Begitupun dengan para habaib dan auliyah. Mereka ini datang jauh-jauh dari Yaman untuk menyebarkan risalah Nabi Muhammad SAW di Maluku tidak lepas dari keikhlasan dan semangat jihad dalam diri mereka untuk menyampaikan dakwah. “Jadi, kemuliaan mereka itu karena didasarkan pada semangat jihad dan keikhlasan,” ujar Habib Assagaf.

Ia mengingatkan agar motivasi para santri dan pendakwah di daerah ini tidak semata-mata mengembangkan kemampuan berdakwah saja, tapi mereka juga harus menjadi seorang pedagang sukses untuk membantu dakwah mereka.

Ia mengaku miris jika ada anggapan para santri dan dai kita tidak mau bekerja cukup hanya sebagai pendakwah saja. Kelihatannya hebat tapi sesungguhnya ini adalah kemerosotan.

Sejarah mencatat orang-orang saleh kita dulu selain sebagai pendakwah mereka juga adalah saudagar. Orang-orang saleh itu tidak menjadikan dakwah sebagai sarana mencari nafkah, tapi mereka juga bekerja sebagai pedagang. Mereka adalah orang-orang yang gigih dalam berjihad. Di pagi hari mereka bekerja, berdagang, dan berjualan di pasar kemudian berdakwah.

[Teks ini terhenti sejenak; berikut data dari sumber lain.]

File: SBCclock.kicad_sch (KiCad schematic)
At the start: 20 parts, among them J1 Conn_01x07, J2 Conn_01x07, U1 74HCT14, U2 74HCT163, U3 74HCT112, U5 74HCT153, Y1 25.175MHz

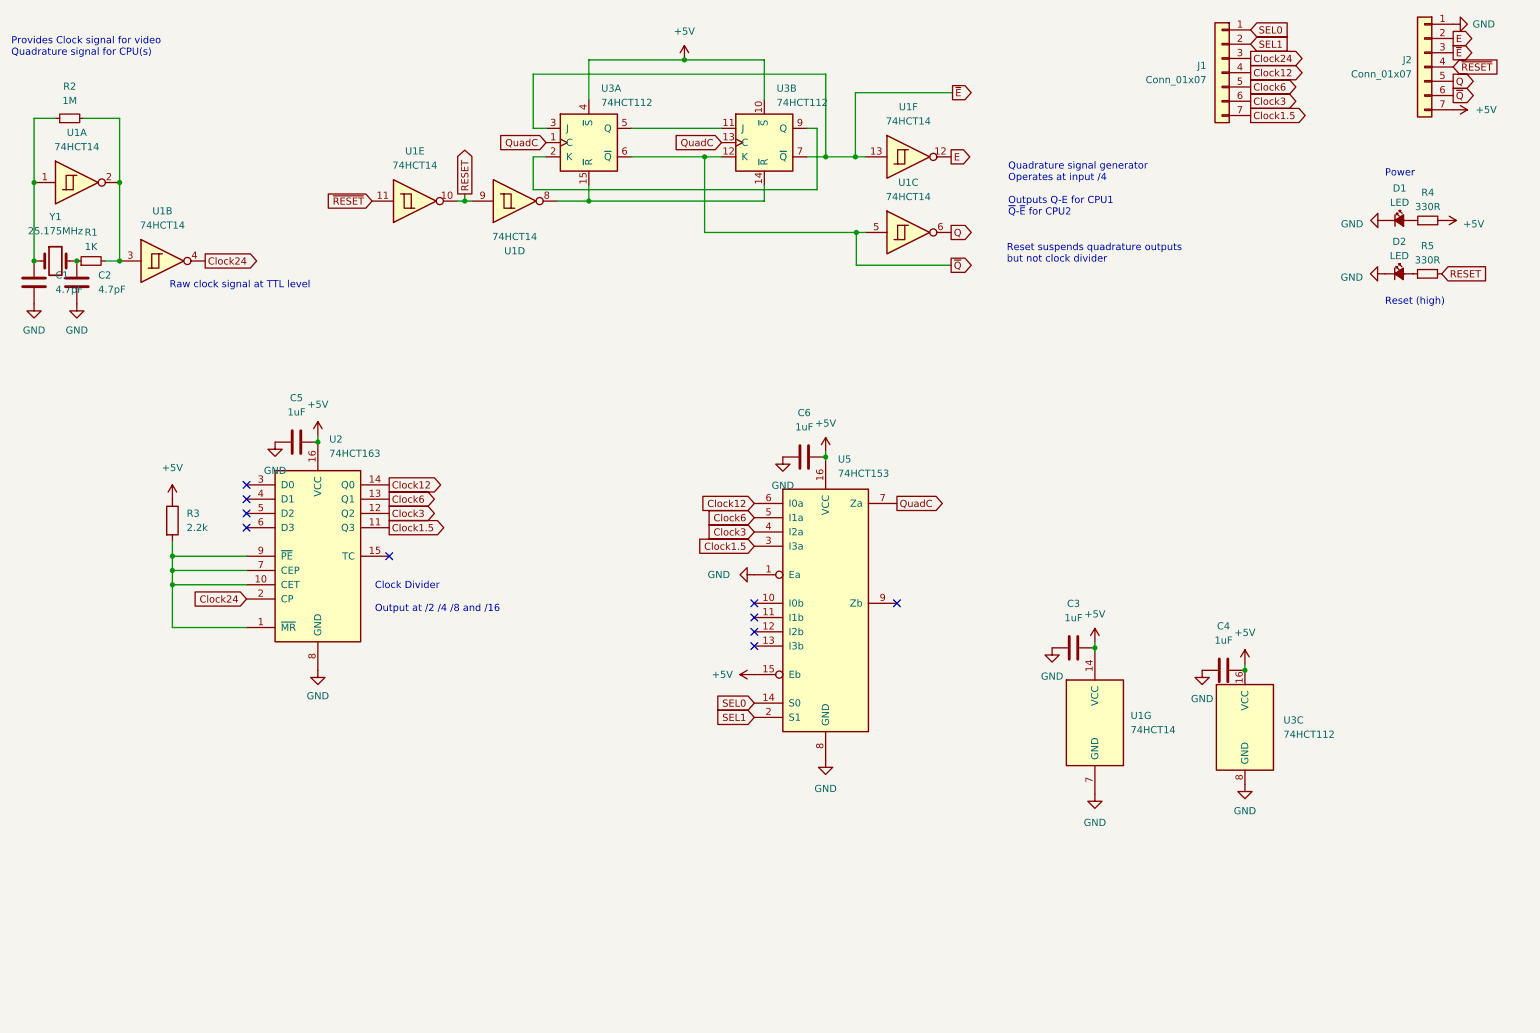
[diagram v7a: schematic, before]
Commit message: reinforce clock outputs
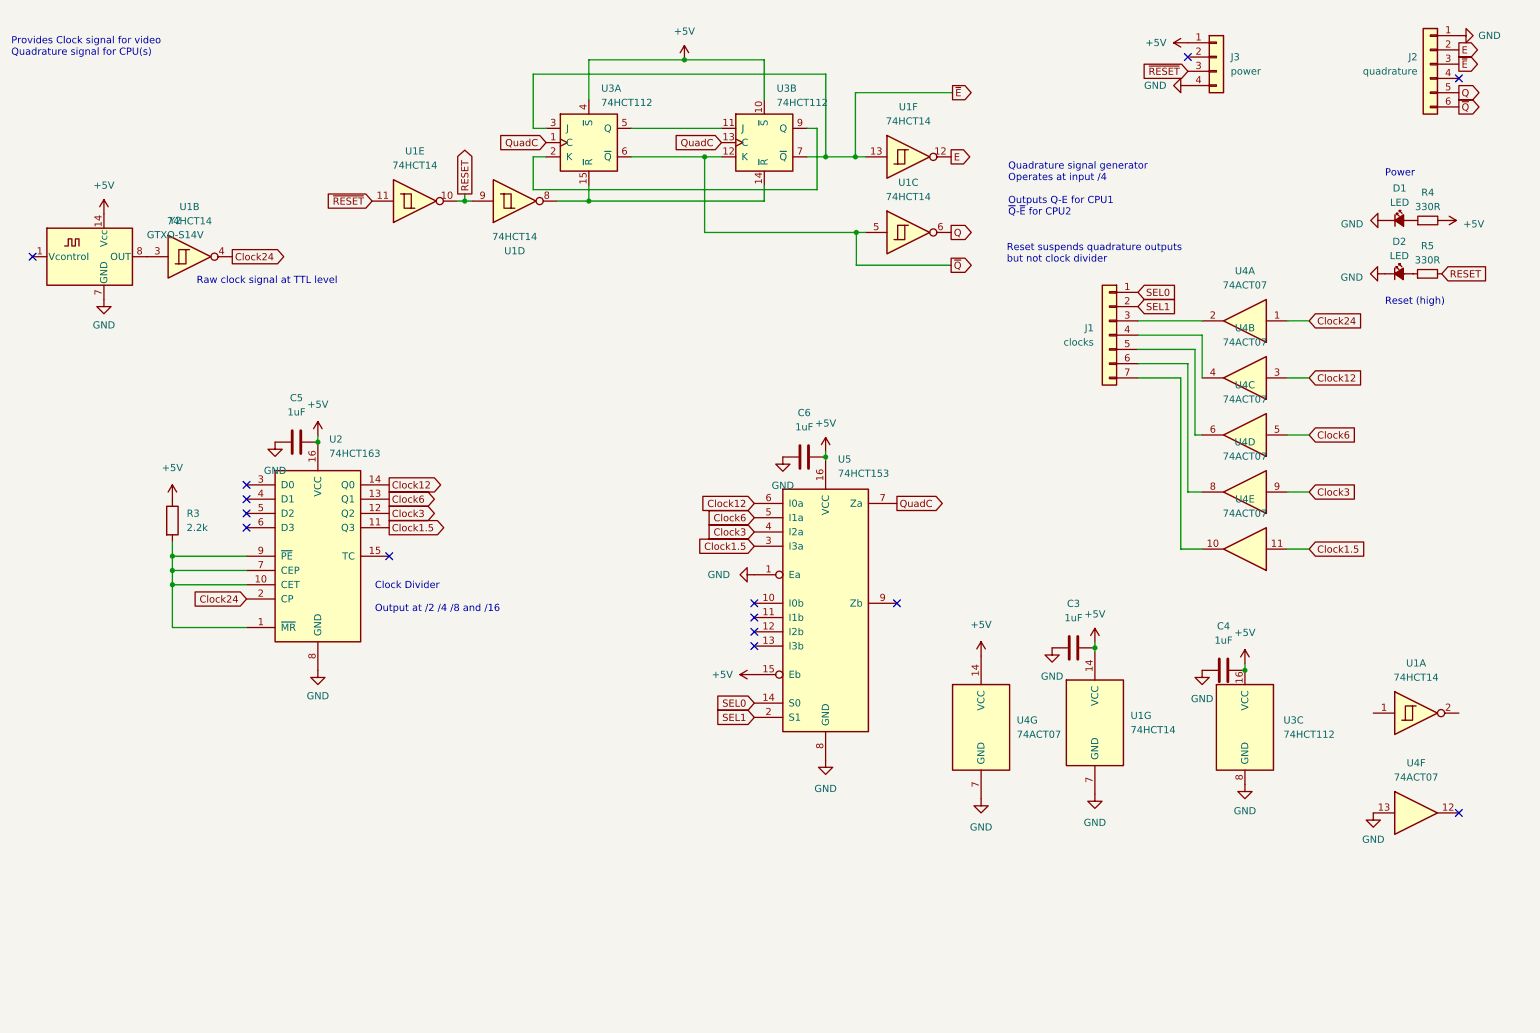
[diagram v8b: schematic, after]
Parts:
- removed C1, C2: 4.7pF, Capacitor_SMD:C_0805_2012Metric_Pad1.18x1.45mm_HandSolder, symbol Device:C
- removed R1: 1K, Resistor_SMD:R_0805_2012Metric_Pad1.20x1.40mm_HandSolder, symbol Device:R_Small
- removed R2: 1M, Resistor_SMD:R_0805_2012Metric_Pad1.20x1.40mm_HandSolder, symbol Device:R_Small
- removed Y1: 25.175MHz, Crystal:Crystal_SMD_HC49-SD, symbol Device:Crystal
- added J3: power, Connector_PinHeader_2.54mm:PinHeader_1x04_P2.54mm_Vertical, symbol Connector_Generic:Conn_01x04
- added U4: 74ACT07, Package_SO:TSSOP-14_4.4x3.6mm_P0.4mm, symbol 74xx:74LS07
- added Y2: GTXO-S14V, Oscillator:Oscillator_DIP-14, symbol Oscillator:GTXO-S14V
- J1: value Conn_01x07 -> clocks
- J2: value Conn_01x07 -> quadrature; footprint Connector_PinHeader_2.54mm:PinHeader_1x07_P2.54mm_Vertical -> Connector_PinHeader_2.54mm:PinHeader_1x06_P2.54mm_Vertical; symbol Connector_Generic:Conn_01x07 -> Connector_Generic:Conn_01x06
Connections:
- net +5V: now also J3.1 (Pin_1), U4.14 (VCC), Y2.14 (Vcc); no longer J2.7 (Pin_7)
- net Clock1.5: now also U4.11; no longer J1.7 (Pin_7)
- net Clock12: now also U4.3; no longer J1.4 (Pin_4)
- net Clock24: now also U4.1; no longer J1.3 (Pin_3)
- net Clock3: now also U4.9; no longer J1.6 (Pin_6)
- net Clock6: now also U4.5; no longer J1.5 (Pin_5)
- net GND: now also J3.4 (Pin_4), U4.13, U4.7 (GND), Y2.7 (GND)
- net ~{RESET}: now also J3.3 (Pin_3); no longer J2.4 (Pin_4)
- net at U1.2: no longer U1.3
- new net: J1.3 (Pin_3), U4.2
- new net: J1.6 (Pin_6), U4.8
- new net: J1.4 (Pin_4), U4.4
- new net: J1.5 (Pin_5), U4.6
- new net: J1.7 (Pin_7), U4.10
- new net: U1.3, Y2.8 (OUT)
- no-connect marks 10 -> 14
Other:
- moved on the sheet: J1, U1B

Kalau kita menjadikan medan dakwah sebagai lahan mencari nafkah maka kita hanya mendapat makannya saja. Tapi sir (rahasia) atau kehebatannya tidak tampak, karena motivasi atau niat kita hanya mencari nafkah.

“Ketika pulang ke rumah kita hanya mendapat uang yang banyak untuk membeli rumah atau baju dll hanya itu yang kita dapat. Tidak lebih. Tidak ada rahasia (kehebatan) atau ster yang kita dapat dari dakwah tersebut,” ujarnya.

Di sini bedanya ustad-ustad kita dulu karena mereka tidak mencari nafkah dengan mengajari orang. Tidak banyak retorika dan bahasanya sederhana tapi justeru inilah yang terus terpendam dalam hati sanubari setiap orang yang diajarkan.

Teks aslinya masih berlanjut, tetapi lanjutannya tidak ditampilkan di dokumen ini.